Stuczen, “Yüzeyleri temizlemek için ıslak bez kullanmak güzeldir, lakin temizleme araçlarının sırası kıymetlidir. Yerlerdeki tozu nemlendirmek, hatta çıplak gözle görülemeyen ince toz bile toz akarı ve küf oluşumu için daha elverişli bir hayat alanı yarattığınız manasına gelebilir. Tozlar, yüzeyleri silmeye başlamadan evvel en tesirli biçimde elektrikli süpürgeyle temizlenir. bu biçimde bile, süpürdüğünüz her şeyin içeride kalmasını ve konuta geri atılmamasını sağlamak için tesirli filtreleme ve sızdırmazlık teknolojisine sahip elektrikli süpürge kullanmak kıymetlidir.” diyor.

Yaklaşık 20 yıldır meskenlerdeki gerçek tozu inceleyen Dyson, konut tozunun karmaşık matrisini anlayarak elektrikli süpürgelerin meskenlerdeki şartlarla daha düzgün başa çıkmalarını sağlıyor. Dyson mühendisleri, sırf bakılırsabildiğimiz tozu değil, bakılırsamediğimiz tozu da yakaladığımızdan emin olmak için kullanılan filtre ve contaları geliştirmek için çalışıyor. Toplanan tozun ve kirin süpürge haznesinde kaldığından ve meskene geri bırakılmadığından emin olmaya odaklanarak konutları pak ve hijyenik tutmaya yardımcı oluyorlar.
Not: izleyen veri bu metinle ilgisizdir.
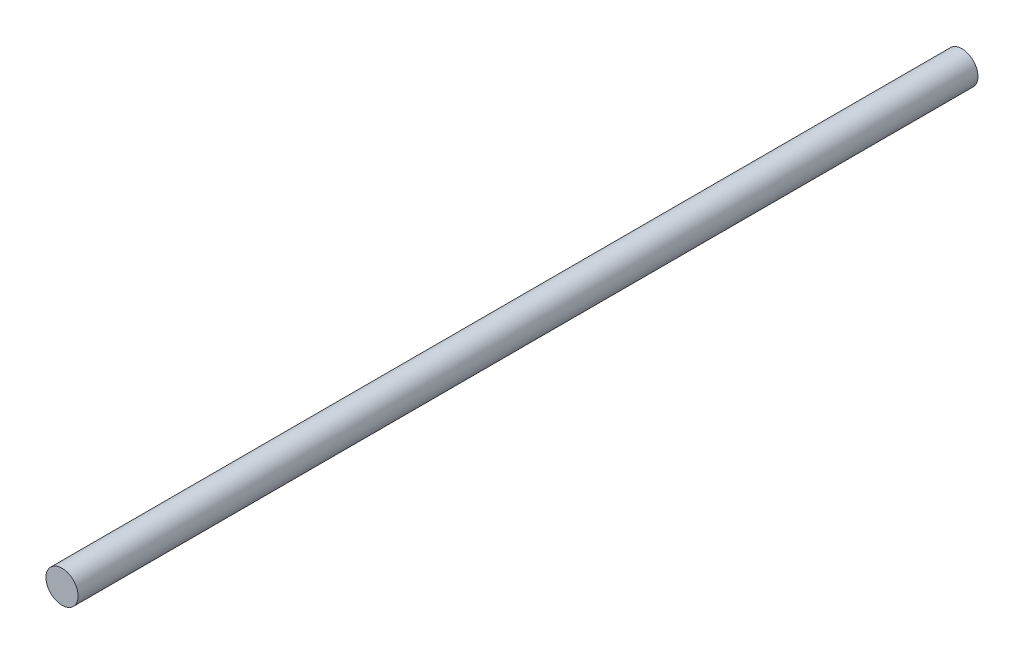
ISO-10303-21;
HEADER;
FILE_DESCRIPTION(('STEP AP214'),'2;1');
FILE_NAME('part.step','',(''),(''),'','','');
FILE_SCHEMA(('AUTOMOTIVE_DESIGN { 1 0 10303 214 1 1 1 1 }'));
ENDSEC;
DATA;
#1=APPLICATION_CONTEXT('core data for automotive mechanical design processes');
#2=APPLICATION_PROTOCOL_DEFINITION('international standard','automotive_design',2000,#1);
#3=PRODUCT_CONTEXT('',#1,'mechanical');
#4=PRODUCT('Part','Part','',(#3));
#5=PRODUCT_RELATED_PRODUCT_CATEGORY('part','',(#4));
#6=PRODUCT_DEFINITION_FORMATION('','',#4);
#7=PRODUCT_DEFINITION_CONTEXT('part definition',#1,'design');
#8=PRODUCT_DEFINITION('design','',#6,#7);
#9=PRODUCT_DEFINITION_SHAPE('','',#8);
#10=(LENGTH_UNIT() NAMED_UNIT(*) SI_UNIT(.MILLI.,.METRE.));
#11=(NAMED_UNIT(*) PLANE_ANGLE_UNIT() SI_UNIT($,.RADIAN.));
#12=(NAMED_UNIT(*) SI_UNIT($,.STERADIAN.) SOLID_ANGLE_UNIT());
#13=UNCERTAINTY_MEASURE_WITH_UNIT(LENGTH_MEASURE(1.E-05),#10,'distance_accuracy_value','');
#14=(GEOMETRIC_REPRESENTATION_CONTEXT(3) GLOBAL_UNCERTAINTY_ASSIGNED_CONTEXT((#13)) GLOBAL_UNIT_ASSIGNED_CONTEXT((#10,
#11,#12)) REPRESENTATION_CONTEXT('',''));
#15=CARTESIAN_POINT('',(0.,0.,0.));
#16=DIRECTION('',(0.,0.,1.));
#17=DIRECTION('',(1.,0.,0.));
#18=AXIS2_PLACEMENT_3D('',#15,#16,#17);
#19=CARTESIAN_POINT('',(-4.22656214703676,0.,140.));
#20=DIRECTION('',(0.,0.,-1.));
#21=DIRECTION('',(-1.,0.,0.));
#22=AXIS2_PLACEMENT_3D('',#19,#20,#21);
#23=CYLINDRICAL_SURFACE('',#22,2.5);
#24=CARTESIAN_POINT('',(-4.22656214703676,0.,140.));
#25=DIRECTION('',(0.,0.,1.));
#26=DIRECTION('',(1.,0.,0.));
#27=AXIS2_PLACEMENT_3D('',#24,#25,#26);
#28=CIRCLE('',#27,2.5);
#29=CARTESIAN_POINT('',(-1.72656214703676,0.,140.));
#30=VERTEX_POINT('',#29);
#31=EDGE_CURVE('E10',#30,#30,#28,.T.);
#32=ORIENTED_EDGE('',*,*,#31,.F.);
#33=EDGE_LOOP('',(#32));
#34=FACE_BOUND('',#33,.T.);
#35=CARTESIAN_POINT('',(-4.22656214703676,0.,0.));
#36=DIRECTION('',(0.,0.,1.));
#37=DIRECTION('',(1.,0.,0.));
#38=AXIS2_PLACEMENT_3D('',#35,#36,#37);
#39=CIRCLE('',#38,2.5);
#40=CARTESIAN_POINT('',(-1.72656214703676,0.,0.));
#41=VERTEX_POINT('',#40);
#42=EDGE_CURVE('E40',#41,#41,#39,.T.);
#43=ORIENTED_EDGE('',*,*,#42,.T.);
#44=EDGE_LOOP('',(#43));
#45=FACE_BOUND('',#44,.T.);
#46=ADVANCED_FACE('F37',(#34,#45),#23,.T.);
#47=CARTESIAN_POINT('',(-4.22656214703676,0.,140.));
#48=DIRECTION('',(0.,0.,1.));
#49=DIRECTION('',(1.,0.,0.));
#50=AXIS2_PLACEMENT_3D('',#47,#48,#49);
#51=PLANE('',#50);
#52=ORIENTED_EDGE('',*,*,#31,.T.);
#53=EDGE_LOOP('',(#52));
#54=FACE_BOUND('',#53,.T.);
#55=ADVANCED_FACE('F52',(#54),#51,.T.);
#56=CARTESIAN_POINT('',(-4.22656214703676,0.,0.));
#57=DIRECTION('',(0.,0.,1.));
#58=DIRECTION('',(1.,0.,0.));
#59=AXIS2_PLACEMENT_3D('',#56,#57,#58);
#60=PLANE('',#59);
#61=ORIENTED_EDGE('',*,*,#42,.F.);
#62=EDGE_LOOP('',(#61));
#63=FACE_BOUND('',#62,.T.);
#64=ADVANCED_FACE('F50',(#63),#60,.F.);
#65=CLOSED_SHELL('',(#46,#55,#64));
#66=MANIFOLD_SOLID_BREP('B2',#65);
#67=ADVANCED_BREP_SHAPE_REPRESENTATION('',(#18,#66),#14);
#68=SHAPE_DEFINITION_REPRESENTATION(#9,#67);
ENDSEC;
END-ISO-10303-21;
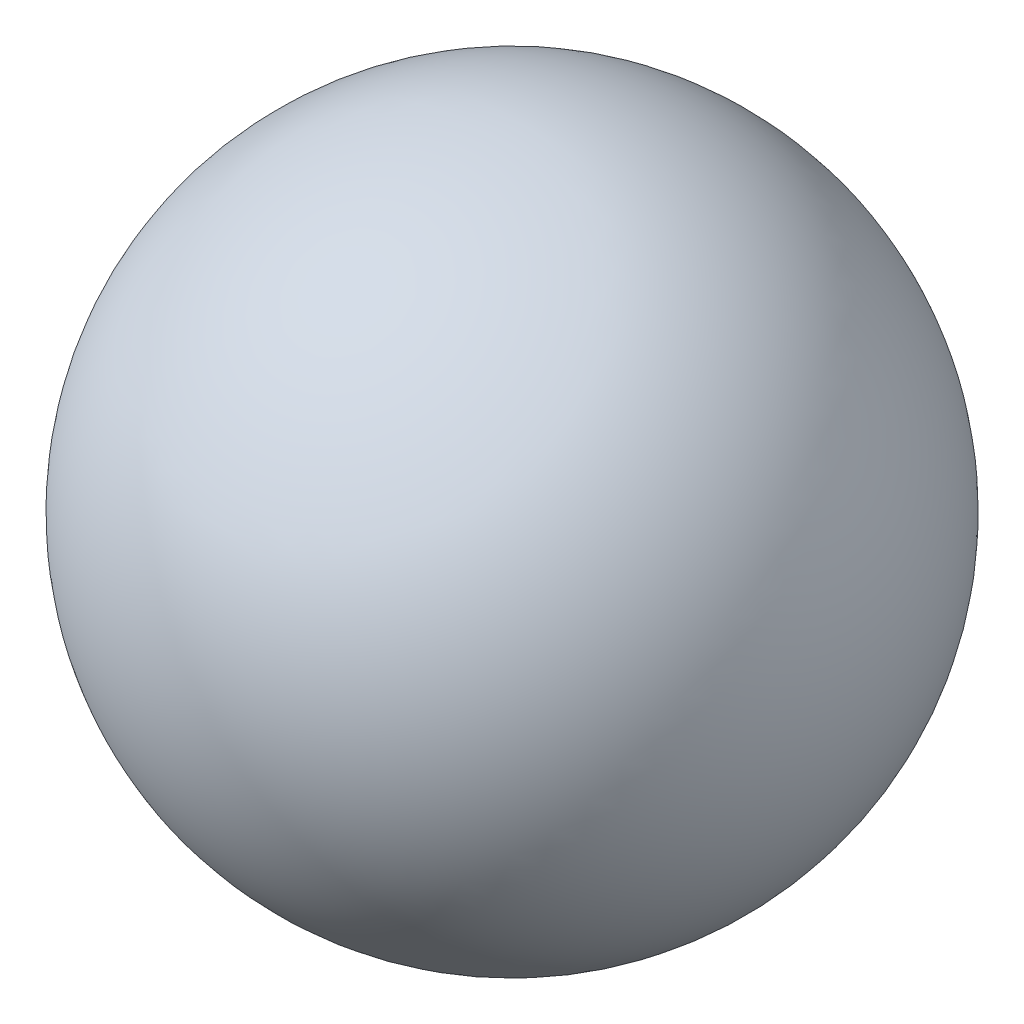
ISO-10303-21;
HEADER;
FILE_DESCRIPTION(('STEP AP214'),'2;1');
FILE_NAME('part.step','',(''),(''),'','','');
FILE_SCHEMA(('AUTOMOTIVE_DESIGN { 1 0 10303 214 1 1 1 1 }'));
ENDSEC;
DATA;
#1=APPLICATION_CONTEXT('core data for automotive mechanical design processes');
#2=APPLICATION_PROTOCOL_DEFINITION('international standard','automotive_design',2000,#1);
#3=PRODUCT_CONTEXT('',#1,'mechanical');
#4=PRODUCT('Part','Part','',(#3));
#5=PRODUCT_RELATED_PRODUCT_CATEGORY('part','',(#4));
#6=PRODUCT_DEFINITION_FORMATION('','',#4);
#7=PRODUCT_DEFINITION_CONTEXT('part definition',#1,'design');
#8=PRODUCT_DEFINITION('design','',#6,#7);
#9=PRODUCT_DEFINITION_SHAPE('','',#8);
#10=(LENGTH_UNIT() NAMED_UNIT(*) SI_UNIT(.MILLI.,.METRE.));
#11=(NAMED_UNIT(*) PLANE_ANGLE_UNIT() SI_UNIT($,.RADIAN.));
#12=(NAMED_UNIT(*) SI_UNIT($,.STERADIAN.) SOLID_ANGLE_UNIT());
#13=UNCERTAINTY_MEASURE_WITH_UNIT(LENGTH_MEASURE(1.E-05),#10,'distance_accuracy_value','');
#14=(GEOMETRIC_REPRESENTATION_CONTEXT(3) GLOBAL_UNCERTAINTY_ASSIGNED_CONTEXT((#13)) GLOBAL_UNIT_ASSIGNED_CONTEXT((#10,
#11,#12)) REPRESENTATION_CONTEXT('',''));
#15=CARTESIAN_POINT('',(0.,0.,0.));
#16=DIRECTION('',(0.,0.,1.));
#17=DIRECTION('',(1.,0.,0.));
#18=AXIS2_PLACEMENT_3D('',#15,#16,#17);
#19=CARTESIAN_POINT('',(0.,0.,-40.));
#20=DIRECTION('',(0.,0.,1.));
#21=DIRECTION('',(-1.,0.,0.));
#22=AXIS2_PLACEMENT_3D('',#19,#20,#21);
#23=SPHERICAL_SURFACE('',#22,40.);
#24=CARTESIAN_POINT('',(0.,0.,0.));
#25=VERTEX_POINT('',#24);
#26=VERTEX_LOOP('',#25);
#27=FACE_BOUND('',#26,.T.);
#28=ADVANCED_FACE('F33',(#27),#23,.T.);
#29=CLOSED_SHELL('',(#28));
#30=MANIFOLD_SOLID_BREP('B2',#29);
#31=ADVANCED_BREP_SHAPE_REPRESENTATION('',(#18,#30),#14);
#32=SHAPE_DEFINITION_REPRESENTATION(#9,#31);
ENDSEC;
END-ISO-10303-21;

Evcil hayvan sahiplerinin de Covid-19’la birlikte paklık yapma konusunda hassas oldukları görülürken, dünya genelindeki meskenlerin yüzde 43’ünde artık bir evcil hayvan yaşıyor. Bu oran Türkiye’de yüzde 47 olarak belirtiliyor. Sadece Birleşik Krallık’ta, 2020’de 3,2 milyon hane yeni bir evcil hayvan sahiplenmiş durumdayken araştırma, her 2 evcil hayvan sahibinden 1’inin evcil hayvanlarının kendi yataklarında uyumasına müsaade verdiğini ortaya koyuyor. Türkiye’de ise iştirakçilerin yüzde 40’ı evcil hayvanının yatakta değil yerde uyuması gerektiğini düşünüyor. birebir vakitte, evcil hayvanların konuta taşıyabilecekleri kirletici ve ziyanlı ögelere dair farkındalık düzeyinin kaygı verecek boyutta düşük olduğu paylaşılıyor.


Stuczen, “bir hayli insan evcil hayvanların üzerinde bulunabilecek öteki parçacıkların farkında olmadığından, tüyleri en göze çarpan sorun olarak pahalandırıyor. Bu parçacıklar mikroskobik boyutta olduğundan, buna fazlaca da şaşırmamak lazım” diyor.